What is required:
Copy nothing from the entries below except the lines from the one containing "#177=EDGE_CURVE('E448',#176,#176,#174,.T.);" through the one containing "#198=DIRECTION('',(1.,0.,0.));", and copy those exactly.

Data extracts:
* * * *
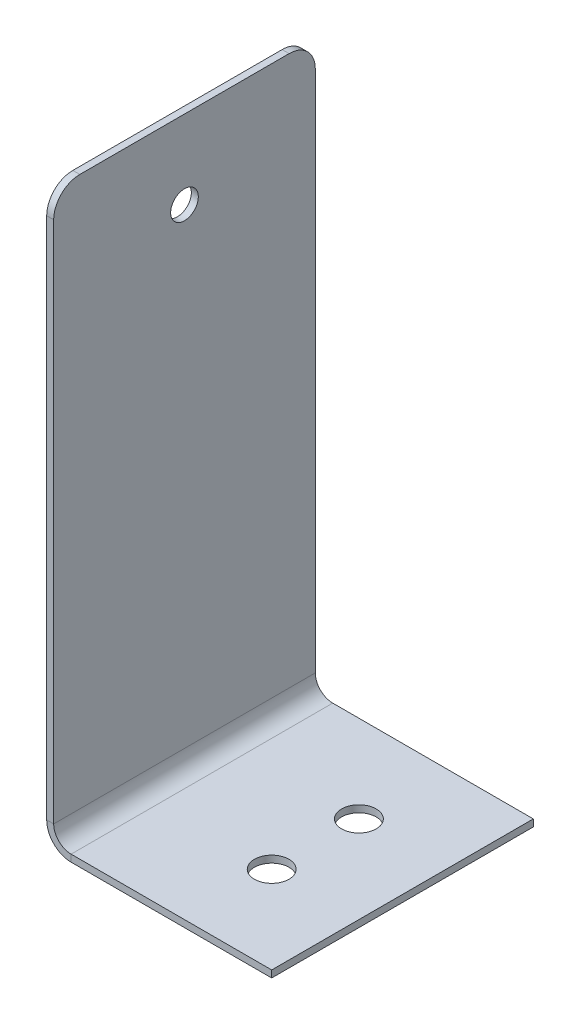
ISO-10303-21;
HEADER;
FILE_DESCRIPTION(('STEP AP214'),'2;1');
FILE_NAME('part.step','',(''),(''),'','','');
FILE_SCHEMA(('AUTOMOTIVE_DESIGN { 1 0 10303 214 1 1 1 1 }'));
ENDSEC;
DATA;
#1=APPLICATION_CONTEXT('core data for automotive mechanical design processes');
#2=APPLICATION_PROTOCOL_DEFINITION('international standard','automotive_design',2000,#1);
#3=PRODUCT_CONTEXT('',#1,'mechanical');
#4=PRODUCT('Part','Part','',(#3));
#5=PRODUCT_RELATED_PRODUCT_CATEGORY('part','',(#4));
#6=PRODUCT_DEFINITION_FORMATION('','',#4);
#7=PRODUCT_DEFINITION_CONTEXT('part definition',#1,'design');
#8=PRODUCT_DEFINITION('design','',#6,#7);
#9=PRODUCT_DEFINITION_SHAPE('','',#8);
#10=(LENGTH_UNIT() NAMED_UNIT(*) SI_UNIT(.MILLI.,.METRE.));
#11=(NAMED_UNIT(*) PLANE_ANGLE_UNIT() SI_UNIT($,.RADIAN.));
#12=(NAMED_UNIT(*) SI_UNIT($,.STERADIAN.) SOLID_ANGLE_UNIT());
#13=UNCERTAINTY_MEASURE_WITH_UNIT(LENGTH_MEASURE(1.E-05),#10,'distance_accuracy_value','');
#14=(GEOMETRIC_REPRESENTATION_CONTEXT(3) GLOBAL_UNCERTAINTY_ASSIGNED_CONTEXT((#13)) GLOBAL_UNIT_ASSIGNED_CONTEXT((#10,
#11,#12)) REPRESENTATION_CONTEXT('',''));
#15=CARTESIAN_POINT('',(0.,0.,0.));
#16=DIRECTION('',(0.,0.,1.));
#17=DIRECTION('',(1.,0.,0.));
#18=AXIS2_PLACEMENT_3D('',#15,#16,#17);
#19=CARTESIAN_POINT('',(2.,0.,15.));
#20=DIRECTION('',(0.,0.,1.));
#21=DIRECTION('',(1.,0.,0.));
#22=AXIS2_PLACEMENT_3D('',#19,#20,#21);
#23=PLANE('',#22);
#24=DIRECTION('',(0.,-1.,0.));
#25=VECTOR('',#24,1.);
#26=CARTESIAN_POINT('',(2.,0.,15.));
#27=LINE('',#26,#25);
#28=CARTESIAN_POINT('',(2.,0.,15.));
#29=VERTEX_POINT('',#28);
#30=CARTESIAN_POINT('',(2.,-0.800000000000001,15.));
#31=VERTEX_POINT('',#30);
#32=EDGE_CURVE('E197',#29,#31,#27,.T.);
#33=ORIENTED_EDGE('',*,*,#32,.F.);
#34=CARTESIAN_POINT('',(2.,2.,15.));
#35=DIRECTION('',(0.,0.,-1.));
#36=DIRECTION('',(-1.,0.,0.));
#37=AXIS2_PLACEMENT_3D('',#34,#35,#36);
#38=CIRCLE('',#37,2.);
#39=CARTESIAN_POINT('',(0.,2.,15.));
#40=VERTEX_POINT('',#39);
#41=EDGE_CURVE('E165',#40,#29,#38,.F.);
#42=ORIENTED_EDGE('',*,*,#41,.F.);
#43=DIRECTION('',(1.,0.,0.));
#44=VECTOR('',#43,1.);
#45=CARTESIAN_POINT('',(-0.799999999999995,2.,15.));
#46=LINE('',#45,#44);
#47=CARTESIAN_POINT('',(-0.799999999999995,2.,15.));
#48=VERTEX_POINT('',#47);
#49=EDGE_CURVE('E194',#48,#40,#46,.T.);
#50=ORIENTED_EDGE('',*,*,#49,.F.);
#51=CARTESIAN_POINT('',(2.,2.,15.));
#52=DIRECTION('',(0.,0.,1.));
#53=DIRECTION('',(1.,0.,0.));
#54=AXIS2_PLACEMENT_3D('',#51,#52,#53);
#55=CIRCLE('',#54,2.8);
#56=EDGE_CURVE('E172',#48,#31,#55,.T.);
#57=ORIENTED_EDGE('',*,*,#56,.T.);
#58=EDGE_LOOP('',(#33,#42,#50,#57));
#59=FACE_BOUND('',#58,.T.);
#60=ADVANCED_FACE('F38',(#59),#23,.T.);
#61=CARTESIAN_POINT('',(-0.799999999999995,2.,15.));
#62=DIRECTION('',(0.,0.,1.));
#63=DIRECTION('',(1.,0.,0.));
#64=AXIS2_PLACEMENT_3D('',#61,#62,#63);
#65=PLANE('',#64);
#66=DIRECTION('',(1.,0.,0.));
#67=VECTOR('',#66,1.);
#68=CARTESIAN_POINT('',(0.,0.,15.));
#69=LINE('',#68,#67);
#70=CARTESIAN_POINT('',(25.,0.,15.));
#71=VERTEX_POINT('',#70);
#72=EDGE_CURVE('E162',#29,#71,#69,.T.);
#73=ORIENTED_EDGE('',*,*,#72,.F.);
#74=ORIENTED_EDGE('',*,*,#32,.T.);
#75=DIRECTION('',(1.,0.,0.));
#76=VECTOR('',#75,1.);
#77=CARTESIAN_POINT('',(0.,-0.800000000000001,15.));
#78=LINE('',#77,#76);
#79=CARTESIAN_POINT('',(25.,-0.800000000000001,15.));
#80=VERTEX_POINT('',#79);
#81=EDGE_CURVE('E159',#31,#80,#78,.T.);
#82=ORIENTED_EDGE('',*,*,#81,.T.);
#83=DIRECTION('',(0.,-1.,0.));
#84=VECTOR('',#83,1.);
#85=CARTESIAN_POINT('',(25.,0.,15.));
#86=LINE('',#85,#84);
#87=EDGE_CURVE('E122',#71,#80,#86,.T.);
#88=ORIENTED_EDGE('',*,*,#87,.F.);
#89=EDGE_LOOP('',(#73,#74,#82,#88));
#90=FACE_BOUND('',#89,.T.);
#91=ADVANCED_FACE('F244',(#90),#65,.T.);
#92=CARTESIAN_POINT('',(0.,2.,-15.));
#93=DIRECTION('',(0.,0.,-1.));
#94=DIRECTION('',(-1.,0.,0.));
#95=AXIS2_PLACEMENT_3D('',#92,#93,#94);
#96=PLANE('',#95);
#97=DIRECTION('',(-1.,0.,0.));
#98=VECTOR('',#97,1.);
#99=CARTESIAN_POINT('',(0.,2.,-15.));
#100=LINE('',#99,#98);
#101=CARTESIAN_POINT('',(0.,2.,-15.));
#102=VERTEX_POINT('',#101);
#103=CARTESIAN_POINT('',(-0.799999999999995,2.,-15.));
#104=VERTEX_POINT('',#103);
#105=EDGE_CURVE('E191',#102,#104,#100,.T.);
#106=ORIENTED_EDGE('',*,*,#105,.F.);
#107=CARTESIAN_POINT('',(2.,2.,-15.));
#108=DIRECTION('',(0.,0.,-1.));
#109=DIRECTION('',(-1.,0.,0.));
#110=AXIS2_PLACEMENT_3D('',#107,#108,#109);
#111=CIRCLE('',#110,2.);
#112=CARTESIAN_POINT('',(2.,0.,-15.));
#113=VERTEX_POINT('',#112);
#114=EDGE_CURVE('E150',#102,#113,#111,.F.);
#115=ORIENTED_EDGE('',*,*,#114,.T.);
#116=DIRECTION('',(0.,1.,0.));
#117=VECTOR('',#116,1.);
#118=CARTESIAN_POINT('',(2.,-0.800000000000001,-15.));
#119=LINE('',#118,#117);
#120=CARTESIAN_POINT('',(2.,-0.800000000000001,-15.));
#121=VERTEX_POINT('',#120);
#122=EDGE_CURVE('E126',#121,#113,#119,.T.);
#123=ORIENTED_EDGE('',*,*,#122,.F.);
#124=CARTESIAN_POINT('',(2.,2.,-15.));
#125=DIRECTION('',(0.,0.,1.));
#126=DIRECTION('',(1.,0.,0.));
#127=AXIS2_PLACEMENT_3D('',#124,#125,#126);
#128=CIRCLE('',#127,2.8);
#129=EDGE_CURVE('E157',#104,#121,#128,.T.);
#130=ORIENTED_EDGE('',*,*,#129,.F.);
#131=EDGE_LOOP('',(#106,#115,#123,#130));
#132=FACE_BOUND('',#131,.T.);
#133=ADVANCED_FACE('F246',(#132),#96,.T.);
#134=CARTESIAN_POINT('',(2.,-0.800000000000001,-15.));
#135=DIRECTION('',(0.,0.,-1.));
#136=DIRECTION('',(-1.,0.,0.));
#137=AXIS2_PLACEMENT_3D('',#134,#135,#136);
#138=PLANE('',#137);
#139=DIRECTION('',(0.,1.,0.));
#140=VECTOR('',#139,1.);
#141=CARTESIAN_POINT('',(-0.799999999999995,0.,-15.));
#142=LINE('',#141,#140);
#143=CARTESIAN_POINT('',(-0.800000000000023,62.,-15.));
#144=VERTEX_POINT('',#143);
#145=EDGE_CURVE('E155',#144,#104,#142,.F.);
#146=ORIENTED_EDGE('',*,*,#145,.F.);
#147=DIRECTION('',(1.,0.,0.));
#148=VECTOR('',#147,1.);
#149=CARTESIAN_POINT('',(1.99999999999997,62.0000000000001,-15.));
#150=LINE('',#149,#148);
#151=CARTESIAN_POINT('',(0.,62.,-15.));
#152=VERTEX_POINT('',#151);
#153=EDGE_CURVE('E199',#144,#152,#150,.T.);
#154=ORIENTED_EDGE('',*,*,#153,.T.);
#155=DIRECTION('',(0.,-1.,0.));
#156=VECTOR('',#155,1.);
#157=CARTESIAN_POINT('',(0.,0.,-15.));
#158=LINE('',#157,#156);
#159=EDGE_CURVE('E153',#152,#102,#158,.T.);
#160=ORIENTED_EDGE('',*,*,#159,.T.);
#161=ORIENTED_EDGE('',*,*,#105,.T.);
#162=EDGE_LOOP('',(#146,#154,#160,#161));
#163=FACE_BOUND('',#162,.T.);
#164=ADVANCED_FACE('F219',(#163),#138,.T.);
#165=CARTESIAN_POINT('',(0.,-0.800000000000001,15.));
#166=DIRECTION('',(0.,1.,0.));
#167=DIRECTION('',(0.,0.,1.));
#168=AXIS2_PLACEMENT_3D('',#165,#166,#167);
#169=PLANE('',#168);
#170=CARTESIAN_POINT('',(15.,-0.800000000000002,-5.));
#171=DIRECTION('',(0.,1.,0.));
#172=DIRECTION('',(0.,0.,1.));
#173=AXIS2_PLACEMENT_3D('',#170,#171,#172);
#174=CIRCLE('',#173,1.984375);
#175=CARTESIAN_POINT('',(15.,-0.800000000000002,-3.015625));
#176=VERTEX_POINT('',#175);
#177=EDGE_CURVE('E448',#176,#176,#174,.T.);
#178=ORIENTED_EDGE('',*,*,#177,.T.);
#179=EDGE_LOOP('',(#178));
#180=FACE_BOUND('',#179,.T.);
#181=CARTESIAN_POINT('',(15.,-0.800000000000002,5.));
#182=DIRECTION('',(0.,1.,0.));
#183=DIRECTION('',(0.,0.,1.));
#184=AXIS2_PLACEMENT_3D('',#181,#182,#183);
#185=CIRCLE('',#184,1.984375);
#186=CARTESIAN_POINT('',(15.,-0.800000000000002,6.984375));
#187=VERTEX_POINT('',#186);
#188=EDGE_CURVE('E451',#187,#187,#185,.T.);
#189=ORIENTED_EDGE('',*,*,#188,.T.);
#190=EDGE_LOOP('',(#189));
#191=FACE_BOUND('',#190,.T.);
#192=DIRECTION('',(0.,0.,-1.));
#193=VECTOR('',#192,1.);
#194=CARTESIAN_POINT('',(2.,-0.800000000000001,15.));
#195=LINE('',#194,#193);
#196=EDGE_CURVE('E141',#31,#121,#195,.T.);
#197=ORIENTED_EDGE('',*,*,#196,.T.);
#198=DIRECTION('',(1.,0.,0.));
#199=VECTOR('',#198,1.);
#200=CARTESIAN_POINT('',(0.,-0.800000000000001,-15.));
#201=LINE('',#200,#199);
#202=CARTESIAN_POINT('',(25.,-0.800000000000001,-15.));
#203=VERTEX_POINT('',#202);
#204=EDGE_CURVE('E133',#121,#203,#201,.T.);
#205=ORIENTED_EDGE('',*,*,#204,.T.);
#206=DIRECTION('',(0.,0.,-1.));
#207=VECTOR('',#206,1.);
#208=CARTESIAN_POINT('',(25.,-0.800000000000001,15.));
#209=LINE('',#208,#207);
#210=EDGE_CURVE('E117',#80,#203,#209,.T.);
#211=ORIENTED_EDGE('',*,*,#210,.F.);
#212=ORIENTED_EDGE('',*,*,#81,.F.);
#213=EDGE_LOOP('',(#197,#205,#211,#212));
#214=FACE_BOUND('',#213,.T.);
#215=ADVANCED_FACE('F139',(#180,#191,#214),#169,.F.);
#216=CARTESIAN_POINT('',(25.,0.,15.));
#217=DIRECTION('',(1.,0.,0.));
#218=DIRECTION('',(0.,0.,-1.));
#219=AXIS2_PLACEMENT_3D('',#216,#217,#218);
#220=PLANE('',#219);
#221=ORIENTED_EDGE('',*,*,#210,.T.);
#222=DIRECTION('',(0.,-1.,0.));
#223=VECTOR('',#222,1.);
#224=CARTESIAN_POINT('',(25.,0.,-15.));
#225=LINE('',#224,#223);
#226=CARTESIAN_POINT('',(25.,0.,-15.));
#227=VERTEX_POINT('',#226);
#228=EDGE_CURVE('E120',#227,#203,#225,.T.);
#229=ORIENTED_EDGE('',*,*,#228,.F.);
#230=DIRECTION('',(0.,0.,-1.));
#231=VECTOR('',#230,1.);
#232=CARTESIAN_POINT('',(25.,0.,15.));
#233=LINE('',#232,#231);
* * * *
Result:
#177=EDGE_CURVE('E448',#176,#176,#174,.T.);
#178=ORIENTED_EDGE('',*,*,#177,.T.);
#179=EDGE_LOOP('',(#178));
#180=FACE_BOUND('',#179,.T.);
#181=CARTESIAN_POINT('',(15.,-0.800000000000002,5.));
#182=DIRECTION('',(0.,1.,0.));
#183=DIRECTION('',(0.,0.,1.));
#184=AXIS2_PLACEMENT_3D('',#181,#182,#183);
#185=CIRCLE('',#184,1.984375);
#186=CARTESIAN_POINT('',(15.,-0.800000000000002,6.984375));
#187=VERTEX_POINT('',#186);
#188=EDGE_CURVE('E451',#187,#187,#185,.T.);
#189=ORIENTED_EDGE('',*,*,#188,.T.);
#190=EDGE_LOOP('',(#189));
#191=FACE_BOUND('',#190,.T.);
#192=DIRECTION('',(0.,0.,-1.));
#193=VECTOR('',#192,1.);
#194=CARTESIAN_POINT('',(2.,-0.800000000000001,15.));
#195=LINE('',#194,#193);
#196=EDGE_CURVE('E141',#31,#121,#195,.T.);
#197=ORIENTED_EDGE('',*,*,#196,.T.);
#198=DIRECTION('',(1.,0.,0.));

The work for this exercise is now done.